» **Source data**:
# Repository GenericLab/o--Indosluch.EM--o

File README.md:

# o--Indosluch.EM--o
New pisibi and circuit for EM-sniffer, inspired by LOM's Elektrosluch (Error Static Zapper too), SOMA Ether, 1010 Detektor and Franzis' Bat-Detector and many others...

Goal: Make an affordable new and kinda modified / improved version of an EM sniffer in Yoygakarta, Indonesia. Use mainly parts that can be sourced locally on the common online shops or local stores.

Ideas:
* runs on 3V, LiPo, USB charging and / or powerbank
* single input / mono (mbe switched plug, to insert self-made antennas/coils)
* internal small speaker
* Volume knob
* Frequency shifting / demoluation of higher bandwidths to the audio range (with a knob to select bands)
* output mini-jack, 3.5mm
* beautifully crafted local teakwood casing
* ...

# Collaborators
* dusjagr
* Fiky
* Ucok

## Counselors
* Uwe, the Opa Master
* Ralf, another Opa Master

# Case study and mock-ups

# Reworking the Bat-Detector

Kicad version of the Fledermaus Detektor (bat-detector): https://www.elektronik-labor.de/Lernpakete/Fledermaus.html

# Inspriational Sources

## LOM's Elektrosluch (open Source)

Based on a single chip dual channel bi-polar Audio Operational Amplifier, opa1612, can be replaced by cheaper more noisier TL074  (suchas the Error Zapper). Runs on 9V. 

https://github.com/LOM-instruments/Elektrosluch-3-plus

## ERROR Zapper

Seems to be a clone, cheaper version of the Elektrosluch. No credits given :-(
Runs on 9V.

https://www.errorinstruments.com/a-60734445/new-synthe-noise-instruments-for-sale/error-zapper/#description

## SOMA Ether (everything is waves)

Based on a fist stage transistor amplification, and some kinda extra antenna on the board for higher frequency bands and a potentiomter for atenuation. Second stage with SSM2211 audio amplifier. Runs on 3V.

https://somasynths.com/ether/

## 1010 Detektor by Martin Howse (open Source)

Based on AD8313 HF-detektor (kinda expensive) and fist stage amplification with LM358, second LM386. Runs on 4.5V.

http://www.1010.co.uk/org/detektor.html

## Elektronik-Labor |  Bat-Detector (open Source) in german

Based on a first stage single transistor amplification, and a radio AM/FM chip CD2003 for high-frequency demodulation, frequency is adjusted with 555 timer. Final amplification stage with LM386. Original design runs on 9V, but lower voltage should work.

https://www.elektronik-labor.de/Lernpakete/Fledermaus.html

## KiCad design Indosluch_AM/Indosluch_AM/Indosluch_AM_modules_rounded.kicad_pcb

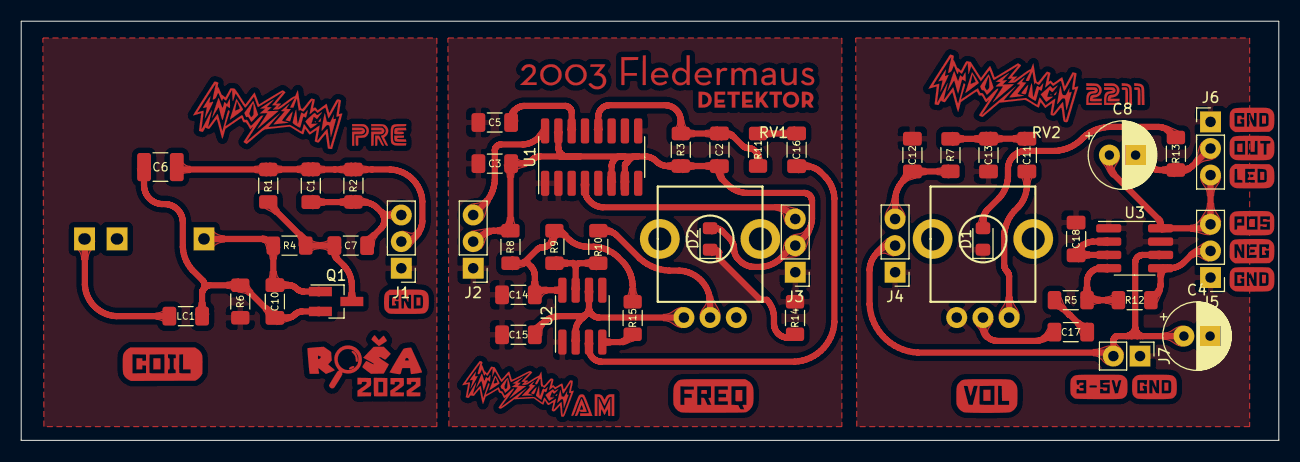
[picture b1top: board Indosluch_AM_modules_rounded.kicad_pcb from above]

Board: 2 copper layers, 120.0 x 40.0 mm, 50 parts (0 on the bottom side), 28 nets.

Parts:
C1, C2, C10, C15: 1nF; C_1206_dusjagr
C3, C5, C11, C12, C14, C16, C18: 100nF; C_1206_dusjagr
C4: 100uF; Capacitor_Radial_D6.3mm_P2.50mm
C6: 10uF; C_1210_dusjagr
C7: 3.3nF; C_1206_dusjagr
C8: 470uF; Capacitor_Radial_D6.3mm_P2.50mm
C13: 10nF; C_1206_dusjagr
C17: 470nF; C_1206_dusjagr
D1, D2: LED; LED_0805_2012Metric_Pad1.15x1.40mm_HandSolder
J1, J2, J3, J4, J5, J6: Con1x03; PinHeader_1x03_HandSolder
J7: Conn_01x02_Female; PinHeader_1x02_P2.54mm_HandSolder
L1: L 10-22mH; PJ301M-12_dusjagr_handSolder
LC1: C; C_1206_dusjagr
LOGO1: Logo; Indosluch_logos
Q1: BC849; SOT-23_Handsoldering
R1, R2, R6, R7: 1K; R_1206_dusjagr
R3, R8: 220; R_1206_dusjagr
R4: 470K; R_1206_dusjagr
R5, R12, R14: 10K; R_1206_dusjagr
R9, R11: 2K2; R_1206_dusjagr
R10: 3K3; R_1206_dusjagr
R13: 330; R_1206_dusjagr
R15: 0; R_1206_dusjagr
RV1: 22k lin; RD901F-ALPHA-HandSolder
RV2: 22k log; RD901F-ALPHA-HandSolder
U1: TA2003; SOP-16_HandSolder
U2: LM555xM; SOIC-8_HandSolder
U3: SSM2211S; SOIC-8_HandSolder

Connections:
AM-Filter-OUT: C17.2, RV2.2
AM-Mix-OUT: C12.1, J3.3, J4.3, R7.2, U1.4
GND: C3.1, C4.2, C5.2, C12.2, C13.2, C14.1, C15.1, C18.1, D1.1, J1.1, J2.1, J3.1, J4.1, J5.1, J6.1, J7.1, R6.2, R14.1, RV2.3, U1.1, U1.2, U1.9, U2.1, U3.1, U3.7
unnamed: C5.1, U1.14
unnamed: C7.2, Q1.3, R1.2, R4.1
unnamed: C8.2, J6.2, R13.2
unnamed: C11.1, RV2.1
unnamed: C11.2, C13.1, R7.1
unnamed: C14.2, R8.1, R9.2, R15.1, U2.8
unnamed: C15.2, RV1.3, U2.2, U2.6
unnamed: C16.1, R11.1
unnamed: C16.2, U2.3
unnamed: C17.1, R5.2
unnamed: C18.2, U3.2, U3.3
unnamed: D1.2, R13.1
unnamed: D2.1, R14.2
unnamed: L1.2, LC1.1
unnamed: R10.1, RV1.2
unnamed: R9.1, R10.2, U2.7
unnamed: R5.1, R12.2, U3.4
unnamed: R15.2, U2.4
OSC-IN: C2.1, R3.2, R11.2, U1.12
S-Neg: C6.2, C10.2, LC1.2, Q1.2, R6.1
S-Pos: C10.1, L1.1, Q1.1, R4.2
Speaker+Output: C8.1, J5.3, J6.3, U3.8
Speaker-Output: J5.2, R12.1, U3.5
TransistorOUT: C1.2, C7.1, J1.3, J2.3, R2.2, U1.16
VCC: C1.1, C2.2, C3.2, C4.1, C6.1, D2.2, J1.2, J2.2, J3.2, J4.2, J7.2, R1.1, R2.1, R3.1, R8.2, U1.6, U1.7, U1.15, U3.6

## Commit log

2022-10-14 new readme and link to inspirational sources
2022-10-14 adding sources
2022-10-14 more on readme
2022-10-19 kicad version of bat-detector
2022-10-19 editing readme
2022-10-26 new DIY version
2022-11-06 new DIY versions
2026-04-18 adding ralfs bat detector

» **How to complete this task**:
Starting with the first line of the listing above, copy each line exactly until you have copied the line containing "# Reworking the Bat-Detector". Stop there.

» **Response**:
# Repository GenericLab/o--Indosluch.EM--o

File README.md:

# o--Indosluch.EM--o
New pisibi and circuit for EM-sniffer, inspired by LOM's Elektrosluch (Error Static Zapper too), SOMA Ether, 1010 Detektor and Franzis' Bat-Detector and many others...

Goal: Make an affordable new and kinda modified / improved version of an EM sniffer in Yoygakarta, Indonesia. Use mainly parts that can be sourced locally on the common online shops or local stores.

Ideas:
* runs on 3V, LiPo, USB charging and / or powerbank
* single input / mono (mbe switched plug, to insert self-made antennas/coils)
* internal small speaker
* Volume knob
* Frequency shifting / demoluation of higher bandwidths to the audio range (with a knob to select bands)
* output mini-jack, 3.5mm
* beautifully crafted local teakwood casing
* ...

# Collaborators
* dusjagr
* Fiky
* Ucok

## Counselors
* Uwe, the Opa Master
* Ralf, another Opa Master

# Case study and mock-ups

# Reworking the Bat-Detector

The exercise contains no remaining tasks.